PROBLEM TO WORK ON. When you reach the line in the data below that contains "Data Type Conversion8/1 -> Mux1/3", please start repeating lines exactly, and stop after the line that contains "Demux2/6 -> Scope17/1", repeating nothing else.

***

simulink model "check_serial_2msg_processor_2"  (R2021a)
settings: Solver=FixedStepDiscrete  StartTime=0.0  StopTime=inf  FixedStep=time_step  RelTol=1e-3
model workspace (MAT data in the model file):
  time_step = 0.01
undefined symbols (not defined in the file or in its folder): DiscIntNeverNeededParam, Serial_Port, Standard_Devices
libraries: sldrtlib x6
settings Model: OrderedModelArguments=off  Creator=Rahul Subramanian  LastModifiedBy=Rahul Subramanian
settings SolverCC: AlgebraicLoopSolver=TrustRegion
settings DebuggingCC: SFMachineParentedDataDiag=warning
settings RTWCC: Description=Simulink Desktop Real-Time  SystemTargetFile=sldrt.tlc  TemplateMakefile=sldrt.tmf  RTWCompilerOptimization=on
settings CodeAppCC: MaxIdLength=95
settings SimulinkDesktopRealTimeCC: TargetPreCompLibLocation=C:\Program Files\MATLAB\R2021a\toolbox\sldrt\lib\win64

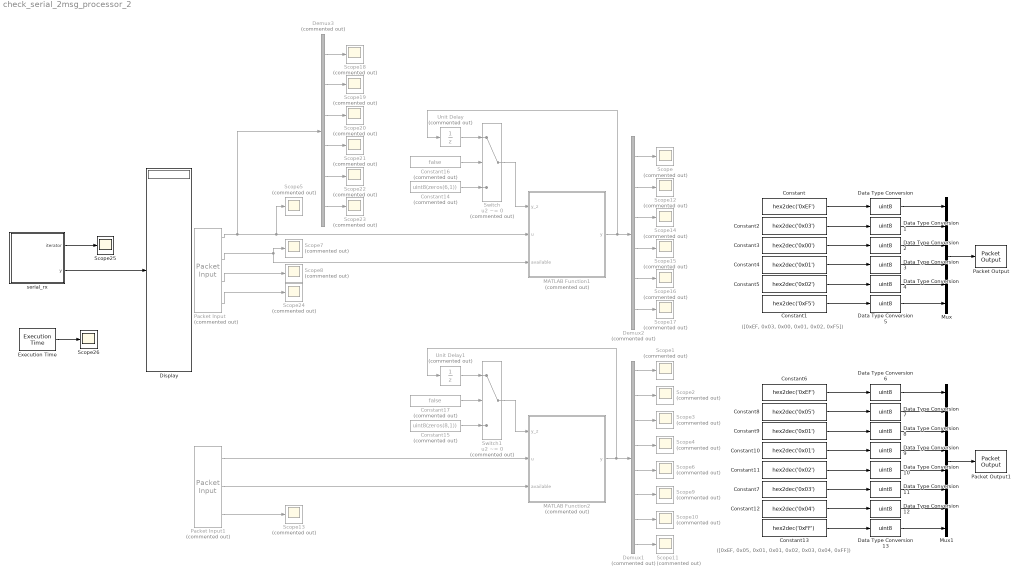
== system check_serial_2msg_processor_2 ==
  note: ([0xEF, 0x05, 0x01, 0x01, 0x02, 0x03, 0x04, 0xFF])
  note: ([0xEF, 0x03, 0x00, 0x01, 0x02, 0xF5])
  Constant : Constant  Value=hex2dec('0xEF')
  Constant1 : Constant  Value=hex2dec('0xF5')
  Constant10 : Constant  Value=hex2dec('0x01')
  Constant11 : Constant  Value=hex2dec('0x02')
  Constant12 : Constant  Value=hex2dec('0x04')
  Constant13 : Constant  Value=hex2dec('0xFF')
  Constant14 : Constant  Commented=on  Value=uint8(zeros(6,1))
  Constant15 : Constant  Commented=on  Value=uint8(zeros(8,1))
  Constant16 : Constant  Commented=on  Value=false
  Constant17 : Constant  Commented=on  Value=false
  Constant2 : Constant  Value=hex2dec('0x03')
  Constant3 : Constant  Value=hex2dec('0x00')
  Constant4 : Constant  Value=hex2dec('0x01')
  Constant5 : Constant  Value=hex2dec('0x02')
  Constant6 : Constant  Value=hex2dec('0xEF')
  Constant7 : Constant  Value=hex2dec('0x03')
  Constant8 : Constant  Value=hex2dec('0x05')
  Constant9 : Constant  Value=hex2dec('0x01')
  Data Type Conversion{,1..13} (14 alike) : DataTypeConversion  OutDataTypeStr=uint8
  Demux1 : Demux  Commented=on  Outputs=8
  Demux2 : Demux  Commented=on  Outputs=6
  Demux3 : Demux  Commented=on  Outputs=6
  Display : Display
  Execution Time : sldrtlib/Target Profiling/Execution Time  ShowTaskTimes=off
      settings: SourceProductBaseCode=WT
  MATLAB Function1 : MATLAB Function  Commented=on  TreatAsAtomicUnit=on
  MATLAB Function2 : MATLAB Function  Commented=on  TreatAsAtomicUnit=on
  Mux : Mux  Inputs=6
  Mux1 : Mux  Inputs=8
  Packet Input : sldrtlib/Packet Input  Commented=on  SampleTime=time_step  MaxMissedTicks=inf  ShowMissedTicks=on  YieldWhenWaiting=off  DrvName=Standard_Devices/Serial_Port  DrvAddress=5  DrvOptions=[115200 8 0 0 0 0 0 0]  PacketSize=6  DataTypes='6*uint8'  ShowReady=on  ShowError=on  PacketID=1  ByteOrder=1  ShowTimestamp=off
      settings: AttributesFormatString=Serial Port [5]
  Packet Input1 : sldrtlib/Packet Input  Commented=on  SampleTime=time_step  MaxMissedTicks=inf  ShowMissedTicks=on  YieldWhenWaiting=off  DrvName=Standard_Devices/Serial_Port  DrvAddress=5  DrvOptions=[115200 8 0 0 0 0 0 0]  PacketSize=8  DataTypes='8*uint8'  ShowReady=on  ShowError=off  PacketID=1  ByteOrder=1  ShowTimestamp=off
      settings: AttributesFormatString=Serial Port [5]
  Packet Output : sldrtlib/Packet Output  SampleTime=time_step  MaxMissedTicks=inf  ShowMissedTicks=off  YieldWhenWaiting=off  DrvName=Standard_Devices/Serial_Port  DrvAddress=5  DrvOptions=[115200 8 0 0 0 0 0 0]  PacketSize=6  DataTypes='6*uint8'  ShowReady=off  ShowError=off  PacketID=1  ByteOrder=1  InitialValue=[]  FinalValue=[]
      settings: AttributesFormatString=Serial Port [5]
  Packet Output1 : sldrtlib/Packet Output  SampleTime=time_step  MaxMissedTicks=inf  ShowMissedTicks=off  YieldWhenWaiting=off  DrvName=Standard_Devices/Serial_Port  DrvAddress=5  DrvOptions=[115200 8 0 0 0 0 0 0]  PacketSize=8  DataTypes='8*uint8'  ShowReady=off  ShowError=off  PacketID=1  ByteOrder=1  InitialValue=[]  FinalValue=[]
      settings: AttributesFormatString=Serial Port [5]
  Scope{,1..24} (25 alike) : Scope  Commented=on
  Scope25 : Scope
  Scope26 : Scope
  Switch : Switch  Commented=on  Criteria=u2 ~= 0
  Switch1 : Switch  Commented=on  Criteria=u2 ~= 0
  Unit Delay : UnitDelay  Commented=on  SampleTime=-1  HasFrameUpgradeWarning=on
  Unit Delay1 : UnitDelay  Commented=on  SampleTime=-1  HasFrameUpgradeWarning=on
  serial_rx : Subsystem
  wires:
  Constant/1 -> Data Type Conversion/1
  Constant2/1 -> Data Type Conversion1/1
  Constant3/1 -> Data Type Conversion2/1
  Constant4/1 -> Data Type Conversion3/1
  Constant5/1 -> Data Type Conversion4/1
  Data Type Conversion/1 -> Mux/1
  Data Type Conversion1/1 -> Mux/2
  Data Type Conversion2/1 -> Mux/3
  Data Type Conversion3/1 -> Mux/4
  Data Type Conversion4/1 -> Mux/5
  Packet Input/3 -> Scope8/1
  Mux/1 -> Packet Output/1
  Constant1/1 -> Data Type Conversion5/1
  Data Type Conversion5/1 -> Mux/6
  Data Type Conversion11/1 -> Mux1/6
  Constant7/1 -> Data Type Conversion11/1
  Mux1/1 -> Packet Output1/1
  Data Type Conversion10/1 -> Mux1/5
  Data Type Conversion9/1 -> Mux1/4
  Data Type Conversion8/1 -> Mux1/3
  Data Type Conversion7/1 -> Mux1/2
  Data Type Conversion6/1 -> Mux1/1
  Constant11/1 -> Data Type Conversion10/1
  Constant10/1 -> Data Type Conversion9/1
  Constant9/1 -> Data Type Conversion8/1
  Constant8/1 -> Data Type Conversion7/1
  Constant6/1 -> Data Type Conversion6/1
  Data Type Conversion12/1 -> Mux1/7
  Data Type Conversion13/1 -> Mux1/8
  Constant12/1 -> Data Type Conversion12/1
  Constant13/1 -> Data Type Conversion13/1
  Demux2/1 -> Scope/1
  MATLAB Function1/1(y) -> Unit Delay/1, Demux2/1
  Demux2/2 -> Scope12/1
  Demux2/3 -> Scope14/1
  Demux2/4 -> Scope15/1
  Demux2/5 -> Scope16/1
  Demux2/6 -> Scope17/1
  Switch/1 -> MATLAB Function1/1(y_z)
  Demux1/6 -> Scope9/1
  Demux1/5 -> Scope6/1
  Demux1/4 -> Scope4/1
  Demux1/3 -> Scope3/1
  Demux1/2 -> Scope2/1
  MATLAB Function2/1(y) -> Unit Delay1/1, Demux1/1
  Demux1/1 -> Scope1/1
  Packet Input/2 -> MATLAB Function1/3(available), Scope7/1
  Demux1/8 -> Scope11/1
  Demux1/7 -> Scope10/1
  Packet Input1/1 -> MATLAB Function2/2(u)
  Packet Input1/2 -> MATLAB Function2/3(available)
  Unit Delay/1 -> Switch/1
  Constant16/1 -> Switch/2
  Constant14/1 -> Switch/3
  Constant15/1 -> Switch1/3
  Constant17/1 -> Switch1/2
  Unit Delay1/1 -> Switch1/1
  Switch1/1 -> MATLAB Function2/1(y_z)
  Packet Input1/3 -> Scope13/1
  Demux3/6 -> Scope23/1
  Demux3/5 -> Scope22/1
  Demux3/4 -> Scope21/1
  Demux3/3 -> Scope20/1
  Demux3/2 -> Scope19/1
  Packet Input/1 -> Demux3/1, MATLAB Function1/2(u), Scope5/1
  Demux3/1 -> Scope18/1
  Packet Input/4 -> Scope24/1
  Execution Time/1 -> Scope26/1
  serial_rx/1(iterator) -> Scope25/1
  serial_rx/2(y) -> Display/1

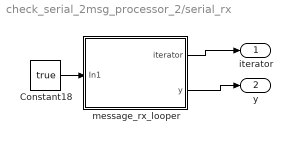
== system check_serial_2msg_processor_2/serial_rx ==
  Constant18 : Constant  Value=true
  message_rx_looper : Subsystem  TreatAsAtomicUnit=on
  iterator : Outport
  y : Outport  Port=2
  wires:
  Constant18/1 -> message_rx_looper/1(In1)
  message_rx_looper/2(y) -> y/1
  message_rx_looper/1(iterator) -> iterator/1

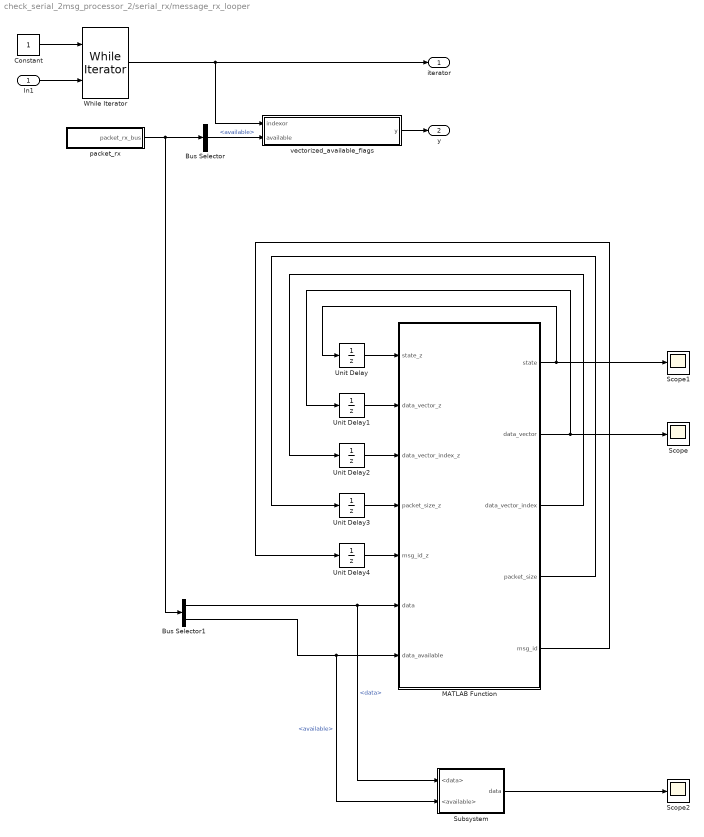
== system check_serial_2msg_processor_2/serial_rx/message_rx_looper ==
  In1 : Inport
  Bus Selector : BusSelector  OutputSignals=available
  Bus Selector1 : BusSelector  OutputSignals=data,available
  Constant : Constant
  MATLAB Function : MATLAB Function  TreatAsAtomicUnit=on
  Scope : Scope
  Scope1 : Scope
  Scope2 : Scope
  Subsystem : Subsystem
  Unit Delay{,1..4} (5 alike) : UnitDelay  SampleTime=-1  HasFrameUpgradeWarning=on
  While Iterator : WhileIterator  MaxIters=144  ResetStates=reset  ShowIterationPort=on  OutputDataType=uint8
  packet_rx : Subsystem
  vectorized_available_flags : Subsystem
  iterator : Outport
  y : Outport  Port=2
  wires:
  While Iterator/1 -> vectorized_available_flags/1(indexor), iterator/1
  In1/1 -> While Iterator/2
  vectorized_available_flags/1(y) -> y/1
  Constant/1 -> While Iterator/1
  packet_rx/1(packet_rx_bus) -> Bus Selector/1, Bus Selector1/1
  Bus Selector/1 -> vectorized_available_flags/2(available)  "<available>"
  Bus Selector1/1 -> Subsystem/1(<data>), MATLAB Function/6(data)  "<data>"
  Bus Selector1/2 -> Subsystem/2(<available>), MATLAB Function/7(data_available)  "<available>"
  Unit Delay/1 -> MATLAB Function/1(state_z)
  MATLAB Function/1(state) -> Scope1/1, Unit Delay/1
  MATLAB Function/2(data_vector) -> Scope/1, Unit Delay1/1
  Unit Delay1/1 -> MATLAB Function/2(data_vector_z)
  Unit Delay2/1 -> MATLAB Function/3(data_vector_index_z)
  MATLAB Function/3(data_vector_index) -> Unit Delay2/1
  Unit Delay3/1 -> MATLAB Function/4(packet_size_z)
  MATLAB Function/4(packet_size) -> Unit Delay3/1
  Unit Delay4/1 -> MATLAB Function/5(msg_id_z)
  MATLAB Function/5(msg_id) -> Unit Delay4/1
  Subsystem/1(data) -> Scope2/1

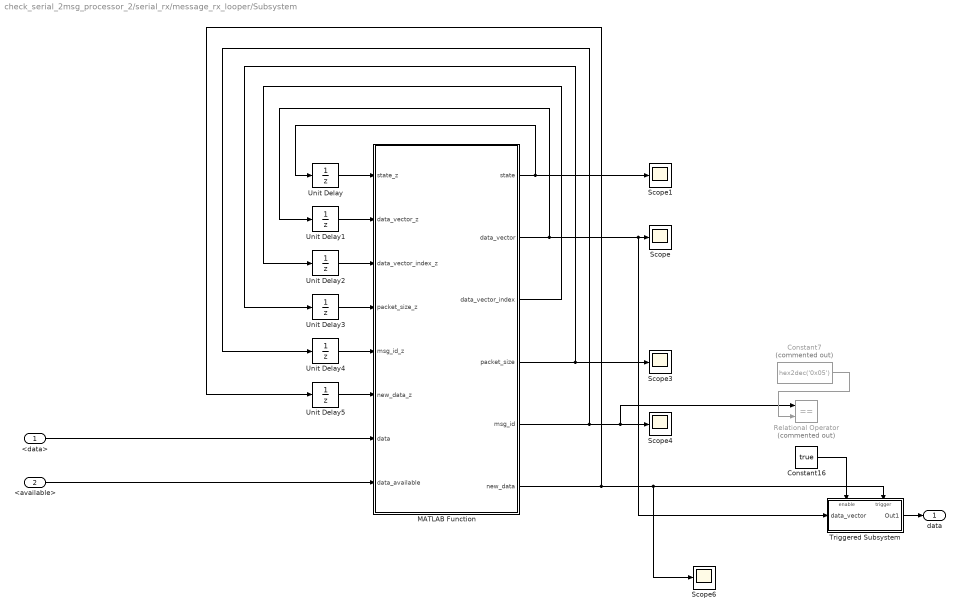
== system check_serial_2msg_processor_2/serial_rx/message_rx_looper/Subsystem ==
  <data> : Inport
  <available> : Inport  Port=2
  Constant16 : Constant  Value=true
  Constant7 : Constant  Commented=on  Value=hex2dec('0x05')
  MATLAB Function : MATLAB Function  TreatAsAtomicUnit=on
  Relational Operator : RelationalOperator  Commented=on  Operator===  OutDataTypeStr=boolean  RndMeth=Simplest
  Scope{,1,3..4,6} (5 alike) : Scope
  Triggered Subsystem : Subsystem  TreatAsAtomicUnit=on
  Unit Delay : UnitDelay  InitialCondition=uint8(1)  SampleTime=-1  HasFrameUpgradeWarning=on
  Unit Delay1 : UnitDelay  SampleTime=-1  HasFrameUpgradeWarning=on
  Unit Delay2 : UnitDelay  InitialCondition=1  SampleTime=-1  HasFrameUpgradeWarning=on
  Unit Delay3 : UnitDelay  SampleTime=-1  HasFrameUpgradeWarning=on
  Unit Delay4 : UnitDelay  SampleTime=-1  HasFrameUpgradeWarning=on
  Unit Delay5 : UnitDelay  InitialCondition=false  SampleTime=-1  HasFrameUpgradeWarning=on
  data : Outport
  wires:
  <data>/1 -> MATLAB Function/7(data)
  MATLAB Function/6(new_data) -> Unit Delay5/1, Scope6/1, Triggered Subsystem/Trigger
  Constant16/1 -> Triggered Subsystem/Enable
  MATLAB Function/1(state) -> Scope1/1, Unit Delay/1
  Unit Delay/1 -> MATLAB Function/1(state_z)
  Unit Delay3/1 -> MATLAB Function/4(packet_size_z)
  MATLAB Function/2(data_vector) -> Triggered Subsystem/1(data_vector), Scope/1, Unit Delay1/1
  Unit Delay1/1 -> MATLAB Function/2(data_vector_z)
  MATLAB Function/5(msg_id) -> Relational Operator/1, Scope4/1, Unit Delay4/1
  MATLAB Function/4(packet_size) -> Unit Delay3/1, Scope3/1
  MATLAB Function/3(data_vector_index) -> Unit Delay2/1
  Unit Delay2/1 -> MATLAB Function/3(data_vector_index_z)
  Unit Delay4/1 -> MATLAB Function/5(msg_id_z)
  Constant7/1 -> Relational Operator/2
  Unit Delay5/1 -> MATLAB Function/6(new_data_z)
  Triggered Subsystem/1(Out1) -> data/1
  <available>/1 -> MATLAB Function/8(data_available)

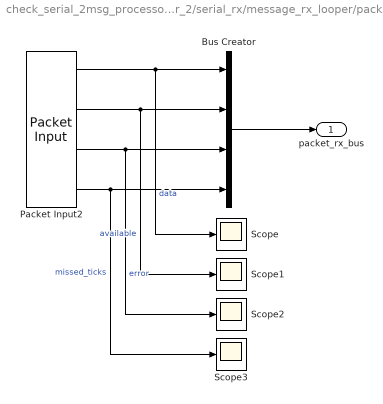
== system check_serial_2msg_processor_2/serial_rx/message_rx_looper/packet_rx ==
  Bus Creator : BusCreator  Inputs=4
  Packet Input2 : sldrtlib/Packet Input  SampleTime=-1  MaxMissedTicks=inf  ShowMissedTicks=on  YieldWhenWaiting=off  DrvName=Standard_Devices/Serial_Port  DrvAddress=5  DrvOptions=[115200 8 0 0 0 0 0 0]  PacketSize=1  DataTypes='1*uint8'  ShowReady=on  ShowError=on  PacketID=1  ByteOrder=1  ShowTimestamp=off
      settings: AttributesFormatString=Serial Port [5]
  Scope{,1..3} (4 alike) : Scope
  packet_rx_bus : Outport
  wires:
  Packet Input2/4 -> Bus Creator/4, Scope3/1  "missed_ticks"
  Packet Input2/1 -> Bus Creator/1, Scope/1  "data"
  Packet Input2/2 -> Bus Creator/2, Scope1/1  "available"
  Packet Input2/3 -> Bus Creator/3, Scope2/1  "error"
  Bus Creator/1 -> packet_rx_bus/1

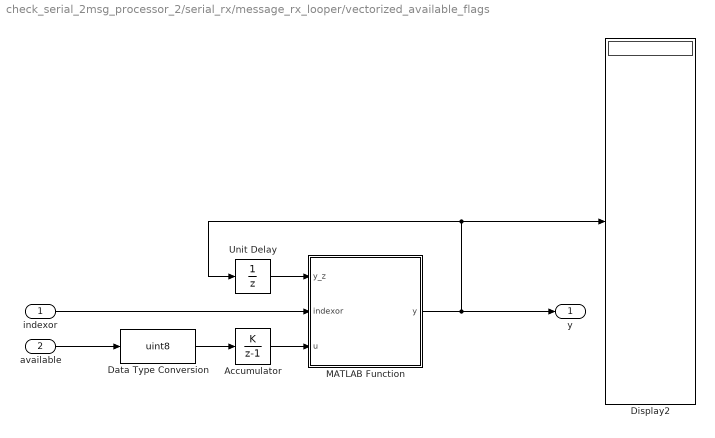
== system check_serial_2msg_processor_2/serial_rx/message_rx_looper/vectorized_available_flags ==
  indexor : Inport
  available : Inport  Port=2
  Accumulator : DiscreteIntegrator  IntegratorMethod=Accumulation: Forward Euler  SampleTime=-1  ICPrevOutput=DiscIntNeverNeededParam  ICPrevScaledInput=DiscIntNeverNeededParam
  Data Type Conversion : DataTypeConversion  OutDataTypeStr=uint8
  Display2 : Display
  MATLAB Function : MATLAB Function  TreatAsAtomicUnit=on
  Unit Delay : UnitDelay  SampleTime=-1  HasFrameUpgradeWarning=on
  y : Outport
  wires:
  Data Type Conversion/1 -> Accumulator/1
  MATLAB Function/1(y) -> y/1, Display2/1, Unit Delay/1
  Accumulator/1 -> MATLAB Function/3(u)
  Unit Delay/1 -> MATLAB Function/1(y_z)
  available/1 -> Data Type Conversion/1
  indexor/1 -> MATLAB Function/2(indexor)

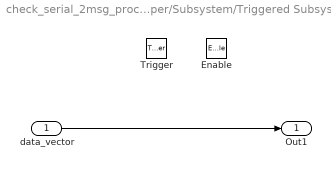
== system check_serial_2msg_processor_2/serial_rx/message_rx_looper/Subsystem/Triggered Subsystem ==
  data_vector : Inport
  Enable : EnablePort
  Trigger : TriggerPort  VariantControl=(inherit)
  Out1 : Outport
  wires:
  data_vector/1 -> Out1/1

== matlab function check_serial_2msg_processor_2/MATLAB Function1 ==
  data: y_z input size=6; u input uint8; y output uint8 size=6; available input
function y  = fcn(y_z, u, available)

y = y_z;
data_packet_size = uint8(0);

if available
    if u(1) == hex2dec('0xEF')
        if u(3) == 0
            for j = 1:6
                y(j) = u(j);
            end
    %             data_packet_size = u(2) - 1;
    %             data_id = u(3);
    %             data(1) = u(4);
    %             data(2) = u(5);
    %             crc(3) = u(6);
        end
    end
end

== matlab function check_serial_2msg_processor_2/MATLAB Function2 ==
  data: y_z input size=8; u input uint8; y output uint8 size=8; available input
function y  = fcn(y_z, u, available)

y = y_z;
data_packet_size = uint8(0);

if available
    if u(1) == hex2dec('0xEF')
        if u(3) == 1
            for j = 1:8
                y(j) = u(j);
            end
    %             data_packet_size = u(2) - 1;
    %             data_id = u(3);
    %             data(1) = u(4);
    %             data(2) = u(5);
    %             crc(3) = u(6);
        end
    end
end

== matlab function check_serial_2msg_processor_2/serial_rx/message_rx_looper/MATLAB Function ==
  data: state_z input uint8; data_vector_z input uint8 size=4; data_vector_index_z input uint8; packet_size_z input uint8; msg_id_z input uint8; data input uint8; state output uint8; data_available input boolean; data_vector output uint8 size=4; data_vector_index output uint8; packet_size output uint8; msg_id output uint8
function [state, data_vector, data_vector_index, packet_size, msg_id]    = fcn(state_z, data_vector_z, data_vector_index_z, packet_size_z, msg_id_z, data, data_available)

% read previous state
state = state_z;
data_vector = data_vector_z;
data_vector_index = data_vector_index_z;
packet_size = packet_size_z;
msg_id = msg_id_z;

switch state
    
    case uint8(1)
        if data_available
            if data == hex2dec('0xEF')
                state = uint8(2);
            end
        end

    case uint8(2)
        if data_available
            if data == hex2dec('0xEF')
                state = uint8(3);
            end
        end

    case uint8(3)
        if data_available
            packet_size = data - 1;
            state = uint8(4);
        end

    case uint8(4)
        if data_available
            msg_id = data;
            state = uint8(5);
        end

    case uint8(5)
        if data_available
            data_vector(data_vector_index) = data;
            data_vector_index = data_vector_index + 1;

            if data_vector_index == packet_size
                state = uint8(6);
            end
        end

	case uint8(6)
        if data_available
            crc = data;
%             if crc == func(crc)
            if crc ~= 0
                new_data = true; % call the function
                state = uint8(0);
                state = uint8(0);
                data_vector = uint8(zeros(4,1));
                data_vector_index = uint8(0);
                packet_size = uint8(0);
            end
        end
end

== matlab function check_serial_2msg_processor_2/serial_rx/message_rx_looper/vectorized_available_flags/MATLAB Function ==
  data: y_z input; indexor input; u input uint8; y output uint8 size=144
function y = fcn(y_z, indexor, u)

y = y_z;
y(indexor) = u;

== matlab function check_serial_2msg_processor_2/serial_rx/message_rx_looper/Subsystem/MATLAB Function ==
  data: state_z input uint8; data_vector_z input uint8 size=4; data_vector_index_z input uint8; packet_size_z input uint8; msg_id_z input uint8; new_data_z input boolean; data input uint8; state output uint8; data_available input boolean; data_vector output uint8 size=4; data_vector_index output uint8; packet_size output uint8; msg_id output uint8; new_data output boolean
function [state, data_vector, data_vector_index, packet_size, msg_id, new_data] = fcn(state_z, data_vector_z, data_vector_index_z, packet_size_z, msg_id_z, new_data_z, data, data_available)

% read previous state
state = state_z;
data_vector = data_vector_z;
data_vector_index = data_vector_index_z;
packet_size = packet_size_z;
msg_id = msg_id_z;
new_data = new_data_z;

switch state
    
    case uint8(1)
        if data_available
            if data == hex2dec('0xEF')
                state = state + 1;
                new_data = false;
                msg_id = uint8(0);
                data_vector = uint8(zeros(4,1));
                data_vector_index = uint8(1);
                packet_size = uint8(0);
            end
        end

    case uint8(2)
        if data_available
            packet_size = data - 1;
            state = state + 1;
        end

    case uint8(3)
        if data_available
            msg_id = data;
            state = state + 1;
        end

    case uint8(4)
        if data_available
            data_vector(data_vector_index) = data;
            
            if data_vector_index == packet_size
                state = state + 1;
            end
            
            data_vector_index = data_vector_index + 1;

        end

	case uint8(5)
        if data_available
            crc = data;
%             if crc == func(crc)
            if crc ~= 0
                new_data = true; % call the function
                state = uint8(1);
                
            end
        end
end

***

TASK RESPONSE.
  Data Type Conversion8/1 -> Mux1/3
  Data Type Conversion7/1 -> Mux1/2
  Data Type Conversion6/1 -> Mux1/1
  Constant11/1 -> Data Type Conversion10/1
  Constant10/1 -> Data Type Conversion9/1
  Constant9/1 -> Data Type Conversion8/1
  Constant8/1 -> Data Type Conversion7/1
  Constant6/1 -> Data Type Conversion6/1
  Data Type Conversion12/1 -> Mux1/7
  Data Type Conversion13/1 -> Mux1/8
  Constant12/1 -> Data Type Conversion12/1
  Constant13/1 -> Data Type Conversion13/1
  Demux2/1 -> Scope/1
  MATLAB Function1/1(y) -> Unit Delay/1, Demux2/1
  Demux2/2 -> Scope12/1
  Demux2/3 -> Scope14/1
  Demux2/4 -> Scope15/1
  Demux2/5 -> Scope16/1
  Demux2/6 -> Scope17/1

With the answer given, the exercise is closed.